I work for a dealer, not Audi. I know this is splitting hairs but I have heard that dealer employees actually get a better deal on cars than corporate employees. I do not know if this is true or not, just rumor and speculation.


----------



## cgpublic (Aug 8, 2014)

gtitx1 said:


> What is crazy about it? Its all relative.


Subjectively, people can spend their money as they see fit, with their own set of considerations/decision drivers. If you're spending between $700 and $800 to lease an S3, and you love the car, which you should because it's a great car, all power to you.

My comment references two important considerations when leasing a luxury car: how much can you write off the lease for business, and how much 'car' you can secure for the total amount of the lease payments, with total cost of ownership in the mix, e.g., fuel, insurance and other misc. costs, like the ATT data plan for the MMI.

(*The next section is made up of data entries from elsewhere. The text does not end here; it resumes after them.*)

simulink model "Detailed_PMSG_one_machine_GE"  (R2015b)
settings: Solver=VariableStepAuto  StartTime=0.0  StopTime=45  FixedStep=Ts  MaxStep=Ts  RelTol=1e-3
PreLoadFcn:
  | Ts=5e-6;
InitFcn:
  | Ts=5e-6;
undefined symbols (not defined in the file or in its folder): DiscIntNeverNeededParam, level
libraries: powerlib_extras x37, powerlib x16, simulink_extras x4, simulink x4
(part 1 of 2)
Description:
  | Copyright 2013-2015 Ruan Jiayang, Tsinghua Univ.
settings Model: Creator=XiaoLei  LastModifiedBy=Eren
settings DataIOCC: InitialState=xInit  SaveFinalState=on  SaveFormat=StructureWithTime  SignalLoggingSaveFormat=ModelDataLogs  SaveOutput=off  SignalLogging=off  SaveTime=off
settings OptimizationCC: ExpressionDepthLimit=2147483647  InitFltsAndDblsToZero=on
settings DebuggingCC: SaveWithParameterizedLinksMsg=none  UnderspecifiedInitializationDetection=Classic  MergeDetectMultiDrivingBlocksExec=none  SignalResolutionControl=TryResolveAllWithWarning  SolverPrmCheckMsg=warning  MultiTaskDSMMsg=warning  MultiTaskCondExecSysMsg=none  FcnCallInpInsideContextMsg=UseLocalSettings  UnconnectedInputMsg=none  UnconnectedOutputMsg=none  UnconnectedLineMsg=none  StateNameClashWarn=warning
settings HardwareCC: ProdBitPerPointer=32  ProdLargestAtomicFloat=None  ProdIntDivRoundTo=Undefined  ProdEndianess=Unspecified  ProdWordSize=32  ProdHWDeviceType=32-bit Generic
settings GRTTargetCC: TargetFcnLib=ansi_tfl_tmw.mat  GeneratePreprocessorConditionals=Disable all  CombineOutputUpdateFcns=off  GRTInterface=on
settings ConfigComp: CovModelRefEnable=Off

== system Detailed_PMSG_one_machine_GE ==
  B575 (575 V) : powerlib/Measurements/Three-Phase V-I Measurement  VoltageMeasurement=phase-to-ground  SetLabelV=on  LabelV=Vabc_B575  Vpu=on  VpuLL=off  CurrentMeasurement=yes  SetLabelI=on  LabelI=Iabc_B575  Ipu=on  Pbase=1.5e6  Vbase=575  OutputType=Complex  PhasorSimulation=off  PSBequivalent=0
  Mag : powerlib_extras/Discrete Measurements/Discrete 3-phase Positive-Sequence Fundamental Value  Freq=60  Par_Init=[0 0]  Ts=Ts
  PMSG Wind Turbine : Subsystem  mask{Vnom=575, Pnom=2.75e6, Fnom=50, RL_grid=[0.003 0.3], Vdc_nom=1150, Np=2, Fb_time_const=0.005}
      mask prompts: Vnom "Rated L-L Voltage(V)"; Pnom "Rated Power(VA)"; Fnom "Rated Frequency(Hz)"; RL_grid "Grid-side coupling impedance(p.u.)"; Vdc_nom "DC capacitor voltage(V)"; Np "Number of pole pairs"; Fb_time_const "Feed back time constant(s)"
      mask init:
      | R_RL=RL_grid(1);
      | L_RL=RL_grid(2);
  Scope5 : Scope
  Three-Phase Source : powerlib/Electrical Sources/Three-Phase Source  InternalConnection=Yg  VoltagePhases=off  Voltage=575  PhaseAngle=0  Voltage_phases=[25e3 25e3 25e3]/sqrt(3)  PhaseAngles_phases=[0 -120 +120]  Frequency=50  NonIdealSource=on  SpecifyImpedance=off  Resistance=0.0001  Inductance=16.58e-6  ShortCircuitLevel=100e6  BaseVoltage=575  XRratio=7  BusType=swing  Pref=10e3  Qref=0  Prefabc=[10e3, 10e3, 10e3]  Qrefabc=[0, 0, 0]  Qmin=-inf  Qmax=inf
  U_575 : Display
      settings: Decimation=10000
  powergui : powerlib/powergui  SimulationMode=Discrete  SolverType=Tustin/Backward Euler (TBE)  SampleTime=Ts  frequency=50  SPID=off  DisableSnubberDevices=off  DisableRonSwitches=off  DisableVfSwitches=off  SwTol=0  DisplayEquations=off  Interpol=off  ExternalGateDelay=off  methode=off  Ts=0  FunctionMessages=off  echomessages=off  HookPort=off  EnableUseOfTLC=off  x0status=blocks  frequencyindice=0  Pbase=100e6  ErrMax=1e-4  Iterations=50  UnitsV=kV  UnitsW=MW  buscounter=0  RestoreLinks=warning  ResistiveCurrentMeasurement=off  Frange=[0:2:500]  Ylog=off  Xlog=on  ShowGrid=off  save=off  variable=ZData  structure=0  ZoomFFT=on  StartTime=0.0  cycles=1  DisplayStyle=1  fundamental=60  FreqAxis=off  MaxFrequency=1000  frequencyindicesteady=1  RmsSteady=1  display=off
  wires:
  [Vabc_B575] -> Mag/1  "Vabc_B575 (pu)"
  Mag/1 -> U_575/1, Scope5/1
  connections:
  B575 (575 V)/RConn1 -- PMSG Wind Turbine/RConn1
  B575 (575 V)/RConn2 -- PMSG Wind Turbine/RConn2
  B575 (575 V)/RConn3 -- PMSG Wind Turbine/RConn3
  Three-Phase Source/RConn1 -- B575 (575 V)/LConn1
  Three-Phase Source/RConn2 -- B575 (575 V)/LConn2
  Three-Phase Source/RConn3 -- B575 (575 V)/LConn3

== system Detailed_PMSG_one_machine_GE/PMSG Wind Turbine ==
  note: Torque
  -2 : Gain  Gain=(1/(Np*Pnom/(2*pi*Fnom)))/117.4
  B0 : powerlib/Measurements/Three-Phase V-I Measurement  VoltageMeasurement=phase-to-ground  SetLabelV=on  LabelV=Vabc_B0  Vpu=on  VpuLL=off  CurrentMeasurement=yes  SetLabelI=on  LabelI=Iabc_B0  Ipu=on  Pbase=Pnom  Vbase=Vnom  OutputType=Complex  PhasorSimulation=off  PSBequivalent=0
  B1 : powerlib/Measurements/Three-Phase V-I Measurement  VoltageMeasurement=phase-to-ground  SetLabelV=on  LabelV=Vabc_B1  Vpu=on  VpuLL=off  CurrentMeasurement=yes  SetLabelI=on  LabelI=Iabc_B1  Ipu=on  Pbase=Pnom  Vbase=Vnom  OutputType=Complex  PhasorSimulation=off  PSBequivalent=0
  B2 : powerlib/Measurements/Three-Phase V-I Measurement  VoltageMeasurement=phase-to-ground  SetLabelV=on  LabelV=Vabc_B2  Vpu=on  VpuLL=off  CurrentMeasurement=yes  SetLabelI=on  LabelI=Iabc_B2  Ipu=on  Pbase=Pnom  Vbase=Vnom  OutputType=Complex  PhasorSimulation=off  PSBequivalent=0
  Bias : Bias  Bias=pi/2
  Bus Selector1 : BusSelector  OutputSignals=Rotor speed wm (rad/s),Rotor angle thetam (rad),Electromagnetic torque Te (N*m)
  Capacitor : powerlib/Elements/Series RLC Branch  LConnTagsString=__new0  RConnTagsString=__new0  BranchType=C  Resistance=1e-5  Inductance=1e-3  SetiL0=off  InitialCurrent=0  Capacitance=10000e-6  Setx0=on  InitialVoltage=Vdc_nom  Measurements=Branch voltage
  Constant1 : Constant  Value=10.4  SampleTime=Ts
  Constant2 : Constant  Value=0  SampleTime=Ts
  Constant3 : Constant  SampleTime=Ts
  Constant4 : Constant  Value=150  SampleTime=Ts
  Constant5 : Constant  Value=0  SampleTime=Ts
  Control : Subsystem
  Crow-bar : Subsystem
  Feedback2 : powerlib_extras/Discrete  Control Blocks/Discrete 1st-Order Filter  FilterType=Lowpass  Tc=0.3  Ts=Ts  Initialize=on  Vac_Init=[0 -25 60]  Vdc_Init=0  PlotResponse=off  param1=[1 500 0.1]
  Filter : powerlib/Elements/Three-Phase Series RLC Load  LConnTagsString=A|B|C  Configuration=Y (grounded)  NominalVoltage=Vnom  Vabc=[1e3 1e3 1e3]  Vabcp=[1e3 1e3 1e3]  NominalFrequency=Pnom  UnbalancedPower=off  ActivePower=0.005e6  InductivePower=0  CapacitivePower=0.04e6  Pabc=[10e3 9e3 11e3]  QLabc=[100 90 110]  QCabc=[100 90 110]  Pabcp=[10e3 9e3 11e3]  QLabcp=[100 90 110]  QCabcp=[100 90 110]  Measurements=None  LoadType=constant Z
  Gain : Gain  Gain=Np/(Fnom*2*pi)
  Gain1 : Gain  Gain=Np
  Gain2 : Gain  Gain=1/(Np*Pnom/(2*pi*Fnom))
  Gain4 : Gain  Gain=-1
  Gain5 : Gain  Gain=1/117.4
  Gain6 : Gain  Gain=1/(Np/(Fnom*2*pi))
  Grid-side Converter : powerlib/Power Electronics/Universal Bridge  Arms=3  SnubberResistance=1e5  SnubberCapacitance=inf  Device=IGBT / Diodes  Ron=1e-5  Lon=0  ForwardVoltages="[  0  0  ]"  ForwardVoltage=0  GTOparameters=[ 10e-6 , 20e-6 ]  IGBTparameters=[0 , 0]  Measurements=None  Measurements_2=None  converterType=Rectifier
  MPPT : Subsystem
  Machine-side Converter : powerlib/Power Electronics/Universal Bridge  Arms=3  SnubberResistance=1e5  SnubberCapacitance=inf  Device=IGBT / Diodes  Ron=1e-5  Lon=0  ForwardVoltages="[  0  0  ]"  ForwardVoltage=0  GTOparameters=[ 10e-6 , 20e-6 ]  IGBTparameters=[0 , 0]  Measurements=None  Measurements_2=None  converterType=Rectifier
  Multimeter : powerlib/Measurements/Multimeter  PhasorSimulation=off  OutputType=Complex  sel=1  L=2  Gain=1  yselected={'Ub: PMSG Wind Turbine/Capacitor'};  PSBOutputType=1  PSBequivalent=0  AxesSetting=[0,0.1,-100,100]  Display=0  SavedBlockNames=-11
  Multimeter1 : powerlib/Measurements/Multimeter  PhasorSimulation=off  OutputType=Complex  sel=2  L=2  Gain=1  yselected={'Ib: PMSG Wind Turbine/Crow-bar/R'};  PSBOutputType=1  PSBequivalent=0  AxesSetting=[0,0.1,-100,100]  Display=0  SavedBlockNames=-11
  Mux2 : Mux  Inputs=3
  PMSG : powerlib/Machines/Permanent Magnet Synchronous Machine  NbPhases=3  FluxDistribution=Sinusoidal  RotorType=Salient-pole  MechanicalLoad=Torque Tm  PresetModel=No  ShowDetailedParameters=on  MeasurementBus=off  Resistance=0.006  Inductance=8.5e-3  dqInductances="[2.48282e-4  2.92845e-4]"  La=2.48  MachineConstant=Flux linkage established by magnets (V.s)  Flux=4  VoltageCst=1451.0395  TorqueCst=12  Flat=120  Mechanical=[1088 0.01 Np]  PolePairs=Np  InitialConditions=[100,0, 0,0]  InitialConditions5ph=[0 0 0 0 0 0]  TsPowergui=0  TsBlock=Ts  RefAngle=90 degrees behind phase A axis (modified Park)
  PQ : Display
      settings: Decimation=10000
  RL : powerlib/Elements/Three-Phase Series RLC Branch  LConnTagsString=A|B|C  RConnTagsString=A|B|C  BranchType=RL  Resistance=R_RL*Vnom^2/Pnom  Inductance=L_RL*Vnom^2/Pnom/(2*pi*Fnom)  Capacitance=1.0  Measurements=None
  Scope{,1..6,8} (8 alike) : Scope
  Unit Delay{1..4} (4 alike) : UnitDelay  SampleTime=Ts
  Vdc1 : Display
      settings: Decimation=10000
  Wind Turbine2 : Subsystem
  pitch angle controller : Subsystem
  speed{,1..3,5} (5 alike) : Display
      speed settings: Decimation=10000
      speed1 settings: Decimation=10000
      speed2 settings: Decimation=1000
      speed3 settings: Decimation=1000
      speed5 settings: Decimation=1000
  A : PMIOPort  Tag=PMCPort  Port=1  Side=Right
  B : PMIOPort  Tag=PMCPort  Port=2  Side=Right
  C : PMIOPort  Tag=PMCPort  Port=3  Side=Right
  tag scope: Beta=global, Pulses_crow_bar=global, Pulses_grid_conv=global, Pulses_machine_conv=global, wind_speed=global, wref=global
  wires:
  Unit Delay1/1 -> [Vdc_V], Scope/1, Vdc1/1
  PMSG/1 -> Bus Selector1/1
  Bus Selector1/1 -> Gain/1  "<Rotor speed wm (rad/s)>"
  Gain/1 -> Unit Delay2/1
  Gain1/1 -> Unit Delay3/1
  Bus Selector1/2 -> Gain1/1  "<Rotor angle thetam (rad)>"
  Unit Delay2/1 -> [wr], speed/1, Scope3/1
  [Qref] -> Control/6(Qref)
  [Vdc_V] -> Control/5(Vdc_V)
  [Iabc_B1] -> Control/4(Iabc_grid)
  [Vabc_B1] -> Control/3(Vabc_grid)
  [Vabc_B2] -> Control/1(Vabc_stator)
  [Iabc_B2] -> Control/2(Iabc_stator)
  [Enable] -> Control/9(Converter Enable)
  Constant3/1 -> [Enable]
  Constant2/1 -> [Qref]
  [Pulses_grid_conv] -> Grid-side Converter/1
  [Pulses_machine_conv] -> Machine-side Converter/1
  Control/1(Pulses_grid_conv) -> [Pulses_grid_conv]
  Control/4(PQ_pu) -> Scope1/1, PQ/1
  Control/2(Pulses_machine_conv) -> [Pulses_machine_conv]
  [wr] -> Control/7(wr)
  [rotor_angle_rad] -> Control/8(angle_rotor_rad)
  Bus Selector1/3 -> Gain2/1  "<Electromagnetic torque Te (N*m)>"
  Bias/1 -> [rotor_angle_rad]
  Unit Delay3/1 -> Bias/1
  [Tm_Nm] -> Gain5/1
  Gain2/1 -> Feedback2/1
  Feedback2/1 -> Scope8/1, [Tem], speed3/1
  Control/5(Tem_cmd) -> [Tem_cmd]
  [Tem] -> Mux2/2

The S3 is an S3, It's an A3 with a better engine, better suspension, better parts, and all the doodads that car manufacturers love to bundle and charge you big bucks, etc. 

The sheet metal is the same, the door hinges are the same, etc. It's not an A8. It's an S3.

So why is the S3 so expensive to lease? Demand + cost of Audi money, i.e., crazy money.

Relative? Yes, if you are referencing the willingness of the lessee to spend the $700 and $800 per month for an S3, but it is also relative to the other cars that can be leased for the same amount.

Take a drive to an Audi, BMW, Mercedes or Lexus dealer and find out what you can get for $700 and $800 per month with no money down. Like I said, crazy money.


----------